* **The problem**
Instruction for the entries that follow: retype exactly the lines from the line with "pedal logic/1(ped_accel) -> [ped_accel]" to the line with "Bus Selector/2 ->", both included, and omit all others.

* **Material provided**
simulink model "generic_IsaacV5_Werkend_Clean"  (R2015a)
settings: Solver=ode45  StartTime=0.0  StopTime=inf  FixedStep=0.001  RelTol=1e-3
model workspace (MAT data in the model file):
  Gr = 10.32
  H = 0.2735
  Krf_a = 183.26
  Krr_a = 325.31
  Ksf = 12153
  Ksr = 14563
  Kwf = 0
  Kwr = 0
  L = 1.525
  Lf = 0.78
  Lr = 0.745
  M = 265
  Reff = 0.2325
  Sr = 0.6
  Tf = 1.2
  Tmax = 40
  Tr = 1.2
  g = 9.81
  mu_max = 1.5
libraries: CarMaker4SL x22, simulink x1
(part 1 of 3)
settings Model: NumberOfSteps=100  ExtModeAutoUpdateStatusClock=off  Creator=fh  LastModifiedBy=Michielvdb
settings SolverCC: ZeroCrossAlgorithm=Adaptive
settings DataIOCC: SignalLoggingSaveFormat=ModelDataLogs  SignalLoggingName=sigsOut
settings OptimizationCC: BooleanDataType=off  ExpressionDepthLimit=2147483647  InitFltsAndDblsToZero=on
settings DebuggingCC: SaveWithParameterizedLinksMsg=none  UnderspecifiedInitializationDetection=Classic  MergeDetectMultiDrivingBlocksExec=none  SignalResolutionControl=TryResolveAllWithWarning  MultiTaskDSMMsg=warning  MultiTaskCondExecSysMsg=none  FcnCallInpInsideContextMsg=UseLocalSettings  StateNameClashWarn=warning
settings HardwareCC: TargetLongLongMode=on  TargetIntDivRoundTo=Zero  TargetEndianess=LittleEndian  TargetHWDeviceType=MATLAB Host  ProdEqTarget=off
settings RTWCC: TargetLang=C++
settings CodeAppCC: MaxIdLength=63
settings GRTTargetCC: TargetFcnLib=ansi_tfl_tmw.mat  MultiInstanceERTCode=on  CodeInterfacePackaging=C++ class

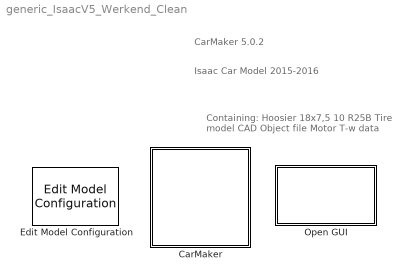
== system generic_IsaacV5_Werkend_Clean ==
  note: Isaac Car Model 2015-2016
  note: Containing:
      | Hoosier 18x7,5 10 R25B Tire model
      | CAD Object file
      | Motor T-w data
  note: CarMaker 5.0.2
  CarMaker : Subsystem  TreatAsAtomicUnit=on
      mask Display: image(imread('CarMaker4SLss.bmp'));
  Edit Model Configuration : CarMaker4SL/Edit Model Configuration
  Open GUI : Subsystem  LoadFcn=if ~length(which('cmcmd')), cmenv; end
      settings: OpenFcn=cmblockmagic('gui_fix_display'); CM_Simulink
      mask Display: image(imread('CarMakerGUI.bmp'));

== system generic_IsaacV5_Werkend_Clean/CarMaker ==
  note: PTControl: CM4SL
      | MTControl: Basic
  note: Controller
  note: Sensor output signals
  note: Sensor input signals
  CM_FIRST : Subsystem
  CM_LAST : Subsystem
  Constant2 : Constant  Value=1200  VectorParams1D=off  SampleTime=-1
  Constant3 : Constant  Value=1200  VectorParams1D=off  SampleTime=-1
  DrivMan : Subsystem
  Ground : Ground
  IPG Vehicle : Subsystem  TreatAsAtomicUnit=on
  PedalMapping : Subsystem
  Subsystem : Subsystem
  Terminator : Terminator
  TorqueVectoring : Subsystem
  Vehicle Sensors : Subsystem
  VehicleControl : Subsystem
  wires:
  DrivMan/2(DrivMan.Out) -> VehicleControl/2(DrivMan.In)
  DrivMan/1(Sync_Out) -> VehicleControl/1(Sync_In)
  CM_FIRST/2(Env.Misc) -> DrivMan/2(Env.Misc)
  CM_FIRST/1(Sync_Out) -> DrivMan/1(Sync_In)
  CM_LAST/1(Sync_Out) -> Terminator/1
  IPG Vehicle/1(Sync_Out) -> CM_LAST/1(Sync_In)
  VehicleControl/1(Sync_Out) -> IPG Vehicle/1(Sync_In)
  VehicleControl/3(VhclCtrl.Steering) -> IPG Vehicle/3(VhclCtrl.Steering)
  VehicleControl/4(Vhcl.Wheel.In) -> IPG Vehicle/4(Vhcl.Wheel.In)
  VehicleControl/5(Vhcl.Misc) -> IPG Vehicle/5(Vhcl.Misc)
  VehicleControl/6(VhclCtrl.Brake) -> IPG Vehicle/6(VhclCtrl.Brake)
  VehicleControl/7(VhclCtrl.PT) -> IPG Vehicle/7(VhclCtrl.PT)
  VehicleControl/2(Vhcl.Model.Source) -> IPG Vehicle/2(Vhcl.Model.Source)
  Ground/1 -> CM_FIRST/1(Sync_In)
  Vehicle Sensors/1(Sensor inputs1) -> Subsystem/5(SensorBus), TorqueVectoring/2(Inputs), PedalMapping/1(Sensor in)
  PedalMapping/1(T_out_Nm) -> TorqueVectoring/1(Tgevraagd)
  Constant2/1 -> Subsystem/3(WheelspeedLimitRL_RPM)
  Constant3/1 -> Subsystem/4(WheelspeedLimitRR_RPM)
  TorqueVectoring/2(Trr) -> Subsystem/2(Torque_MotRR)
  TorqueVectoring/1(Trl) -> Subsystem/1(Torque_MotRL)

== system generic_IsaacV5_Werkend_Clean/Open GUI ==
  S-Function : S-Function  FunctionName=cm_gui

== system generic_IsaacV5_Werkend_Clean/CarMaker/CM_FIRST ==
  Sync_In : Inport
  Bus Creator1 : BusCreator  Inputs=9
  Demux : Demux  Outputs=9
  Environment : S-Function  FunctionName=CM_Sfun  Parameters='Environment'
  IoIn : S-Function  FunctionName=CM_Sfun  Parameters='IoIn'
  Sync_Out : Outport
  Env.Misc : Outport  Port=2
  wires:
  Bus Creator1/1 -> Env.Misc/1
  Environment/2 -> Demux/1
  Demux/4 -> Bus Creator1/4  "Env AirHumidity"
  Demux/3 -> Bus Creator1/3  "Env AirPressure"
  Demux/2 -> Bus Creator1/2  "Env AirDensity"
  Demux/1 -> Bus Creator1/1  "Env Temperature"
  Environment/1 -> Sync_Out/1
  IoIn/1 -> Environment/1
  Sync_In/1 -> IoIn/1
  Demux/5 -> Bus Creator1/5  "Env Time"
  Demux/6 -> Bus Creator1/6  "Env SolarRadiation"
  Demux/7 -> Bus Creator1/7  "Env WindVel_tot x"
  Demux/8 -> Bus Creator1/8  "Env WindVel_tot y"
  Demux/9 -> Bus Creator1/9  "Env WindVel_tot z"

== system generic_IsaacV5_Werkend_Clean/CarMaker/CM_LAST ==
  Sync_In : Inport
  CM_User : S-Function  FunctionName=CM_Sfun  Parameters='CM_User'
  IoOut : S-Function  FunctionName=CM_Sfun  Parameters='IoOut'
  Sync_Out : Outport
  wires:
  IoOut/1 -> Sync_Out/1
  CM_User/1 -> IoOut/1
  Sync_In/1 -> CM_User/1

== system generic_IsaacV5_Werkend_Clean/CarMaker/DrivMan ==
  note: There's rarely a reason to override DrivMan signals.
      | Use the VehicleControl interface for this purpose.
  Sync_In : Inport
  Env.Misc : Inport  Port=2
  BusCreator : BusCreator  Inputs=17
  Demux : Demux  Outputs=17
  DrivMan : S-Function  FunctionName=CM_Sfun  Parameters='DrivMan'
  Sync_Out : Outport
  DrivMan.Out : Outport  Port=2
  wires:
  Demux/17 -> BusCreator/17  "DrivMan Steering Trq"
  Demux/16 -> BusCreator/16  "DrivMan Steering AngAcc"
  Demux/15 -> BusCreator/15  "DrivMan Steering AngVel"
  Demux/14 -> BusCreator/14  "DrivMan Steering Ang"
  Demux/13 -> BusCreator/13  "DrivMan Gas"
  Demux/12 -> BusCreator/12  "DrivMan Clutch"
  Demux/11 -> BusCreator/11  "DrivMan BrakePark"
  Demux/10 -> BusCreator/10  "DrivMan Brake"
  Demux/9 -> BusCreator/9  "DrivMan GearNo"
  Demux/8 -> BusCreator/8  "DrivMan SelectorCtrl"
  Demux/7 -> BusCreator/7  "DrivMan UserSignal4"
  Demux/6 -> BusCreator/6  "DrivMan UserSignal3"
  Demux/5 -> BusCreator/5  "DrivMan UserSignal2"
  Demux/4 -> BusCreator/4  "DrivMan UserSignal1"
  Demux/3 -> BusCreator/3  "DrivMan UserSignal0"
  Demux/2 -> BusCreator/2  "DrivMan Key"
  Demux/1 -> BusCreator/1  "DrivMan SST"
  Env.Misc/1 -> DrivMan/2
  Sync_In/1 -> DrivMan/1
  DrivMan/1 -> Sync_Out/1
  BusCreator/1 -> DrivMan.Out/1
  DrivMan/2 -> Demux/1

== system generic_IsaacV5_Werkend_Clean/CarMaker/IPG Vehicle ==
  Sync_In : Inport
  Vhcl.Model.Source : Inport  Port=2
  VhclCtrl.Steering : Inport  Port=3
  Vhcl.Wheel.In : Inport  Port=4
  Vhcl.Misc : Inport  Port=5
  VhclCtrl.Brake : Inport  Port=6
  VhclCtrl.PT : Inport  Port=7
  Brake : Subsystem
  CarAndTrailer : Subsystem
  PowerTrain : Subsystem
  Stop Simulation : Stop
  VehicleSource_BuiltIn : simulink/Logic and Bit Operations/Compare To Constant  relop=~=  const=1  OutDataTypeStr=boolean  ZeroCross=off
  Sync_Out : Outport
  wires:
  VhclCtrl.PT/1 -> PowerTrain/3(VhclCtrl.PT)
  Brake/1(Sync_Out) -> PowerTrain/1(Sync_In)
  CarAndTrailer/1(Sync_Out) -> Brake/1(Sync_In)
  CarAndTrailer/2(Brake.IF.In) -> Brake/2(Brake.IF.In)
  VhclCtrl.Brake/1 -> Brake/3(VhclCtrl.Brake)
  PowerTrain/1(Sync_Out) -> Sync_Out/1
  Vhcl.Misc/1 -> CarAndTrailer/4(Vhcl.Misc)
  Vhcl.Wheel.In/1 -> CarAndTrailer/3(Vhcl.Wheel.In)
  VhclCtrl.Steering/1 -> CarAndTrailer/2(VhclCtrl.Steering)
  Sync_In/1 -> CarAndTrailer/1(Sync_In)
  Vhcl.Model.Source/1 -> VehicleSource_BuiltIn/1
  VehicleSource_BuiltIn/1 -> Stop Simulation/1
  Brake/2(Vhcl.Wheel.PT) -> PowerTrain/2(Vhcl.Wheel.PT)

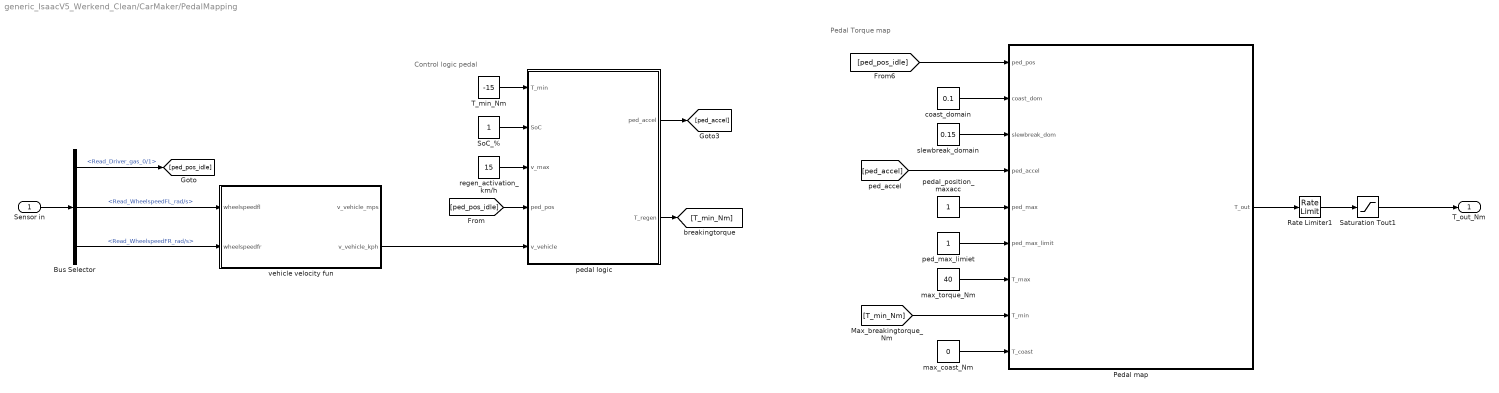
== system generic_IsaacV5_Werkend_Clean/CarMaker/PedalMapping ==
  note: Control logic pedal
  note: Pedal Torque map
  Sensor in : Inport
  Bus Selector : BusSelector  OutputSignals=Read_Driver_gas_0/1,Read_WheelspeedFL_rad/s,Read_WheelspeedFR_rad/s
  Pedal map : MATLAB Function  TreatAsAtomicUnit=on
  Rate Limiter1 : RateLimiter  RisingSlewLimit=500  FallingSlewLimit=-500
  Saturation Tout1 : Saturate  UpperLimit=40  LowerLimit=-40
  SoC_% : Constant
  T_min_Nm : Constant  Value=-15
  coast_domain : Constant  Value=0.1
  max_coast_Nm : Constant  Value=0
  max_torque_Nm : Constant  Value=40
  ped_max_limiet : Constant
  pedal logic : Stateflow chart  TreatAsAtomicUnit=on
  pedal_position_maxacc : Constant
  regen_activation_km/h : Constant  Value=15
  slewbreak_domain : Constant  Value=0.15
  vehicle velocity fun : MATLAB Function  TreatAsAtomicUnit=on
  T_out_Nm : Outport
  wires:
  [ped_accel] -> Pedal map/4(ped_accel)
  Pedal map/1(T_out) -> Rate Limiter1/1
  coast_domain/1 -> Pedal map/2(coast_dom)
  pedal_position_maxacc/1 -> Pedal map/5(ped_max)
  T_min_Nm/1 -> pedal logic/1(T_min)
  ped_max_limiet/1 -> Pedal map/6(ped_max_limit)
  [ped_pos_idle] -> Pedal map/1(ped_pos)
  slewbreak_domain/1 -> Pedal map/3(slewbreak_dom)
  [T_min_Nm] -> Pedal map/8(T_min)
  SoC_%/1 -> pedal logic/2(SoC)
  pedal logic/2(T_regen) -> [T_min_Nm]
  max_torque_Nm/1 -> Pedal map/7(T_max)
  pedal logic/1(ped_accel) -> [ped_accel]
  regen_activation_km/h/1 -> pedal logic/3(v_max)
  max_coast_Nm/1 -> Pedal map/9(T_coast)
  Sensor in/1 -> Bus Selector/1
  Bus Selector/2 -> vehicle velocity fun/1(wheelspeedfl)  "<Read_WheelspeedFL_rad/s>"
  Bus Selector/3 -> vehicle velocity fun/2(wheelspeedfr)  "<Read_WheelspeedFR_rad/s>"
  Bus Selector/1 -> [ped_pos_idle]  "<Read_Driver_gas_0/1>"
  [ped_pos_idle] -> pedal logic/4(ped_pos)
  vehicle velocity fun/2(v_vehicle_kph) -> pedal logic/5(v_vehicle)
  Rate Limiter1/1 -> Saturation Tout1/1
  Saturation Tout1/1 -> T_out_Nm/1

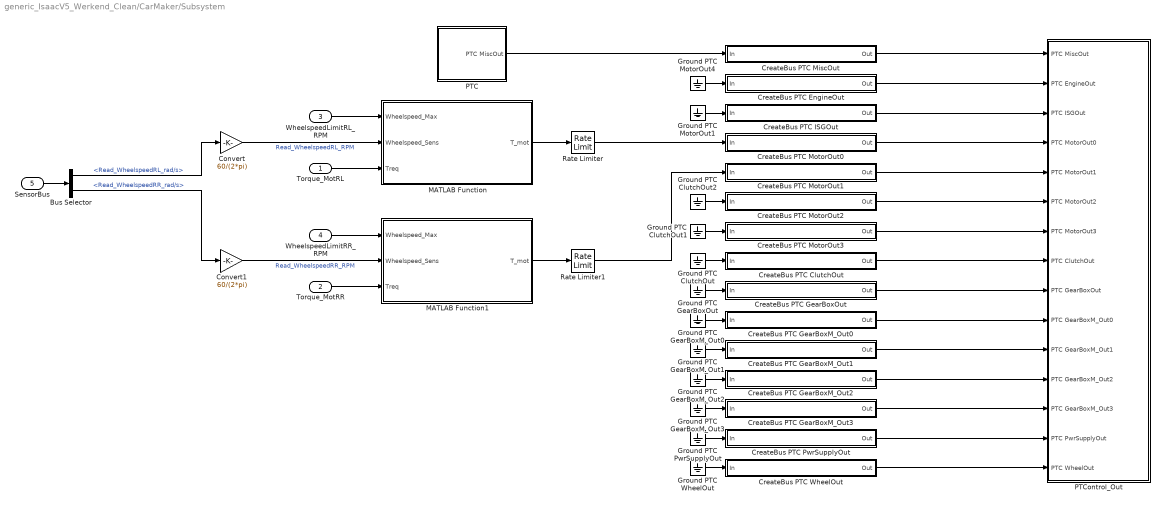
== system generic_IsaacV5_Werkend_Clean/CarMaker/Subsystem ==
  Torque_MotRL : Inport
  Torque_MotRR : Inport  Port=2
  WheelspeedLimitRL_RPM : Inport  Port=3
  WheelspeedLimitRR_RPM : Inport  Port=4
  SensorBus : Inport  Port=5
  Bus Selector : BusSelector  OutputSignals=Read_WheelspeedRL_rad/s,Read_WheelspeedRR_rad/s
  Convert : Gain  Gain=60/(2*pi)
  Convert1 : Gain  Gain=60/(2*pi)
  CreateBus PTC ClutchOut : Subsystem
  CreateBus PTC EngineOut : Subsystem
  CreateBus PTC GearBoxM_Out0 : Subsystem
  CreateBus PTC GearBoxM_Out1 : Subsystem
  CreateBus PTC GearBoxM_Out2 : Subsystem
  CreateBus PTC GearBoxM_Out3 : Subsystem
  CreateBus PTC GearBoxOut : Subsystem
  CreateBus PTC ISGOut : Subsystem
  CreateBus PTC MiscOut : Subsystem
  CreateBus PTC MotorOut0 : Subsystem
  CreateBus PTC MotorOut1 : Subsystem
  CreateBus PTC MotorOut2 : Subsystem
  CreateBus PTC MotorOut3 : Subsystem
  CreateBus PTC PwrSupplyOut : Subsystem
  CreateBus PTC WheelOut : Subsystem
  Ground PTC ClutchOut : Ground
  Ground PTC ClutchOut1 : Ground
  Ground PTC ClutchOut2 : Ground
  Ground PTC GearBoxM_Out{0..3} (4 alike) : Ground
  Ground PTC GearBoxOut : Ground
  Ground PTC MotorOut1 : Ground
  Ground PTC MotorOut4 : Ground
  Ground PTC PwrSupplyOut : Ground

* **Output of the task**
  pedal logic/1(ped_accel) -> [ped_accel]
  regen_activation_km/h/1 -> pedal logic/3(v_max)
  max_coast_Nm/1 -> Pedal map/9(T_coast)
  Sensor in/1 -> Bus Selector/1
  Bus Selector/2 -> vehicle velocity fun/1(wheelspeedfl)  "<Read_WheelspeedFL_rad/s>"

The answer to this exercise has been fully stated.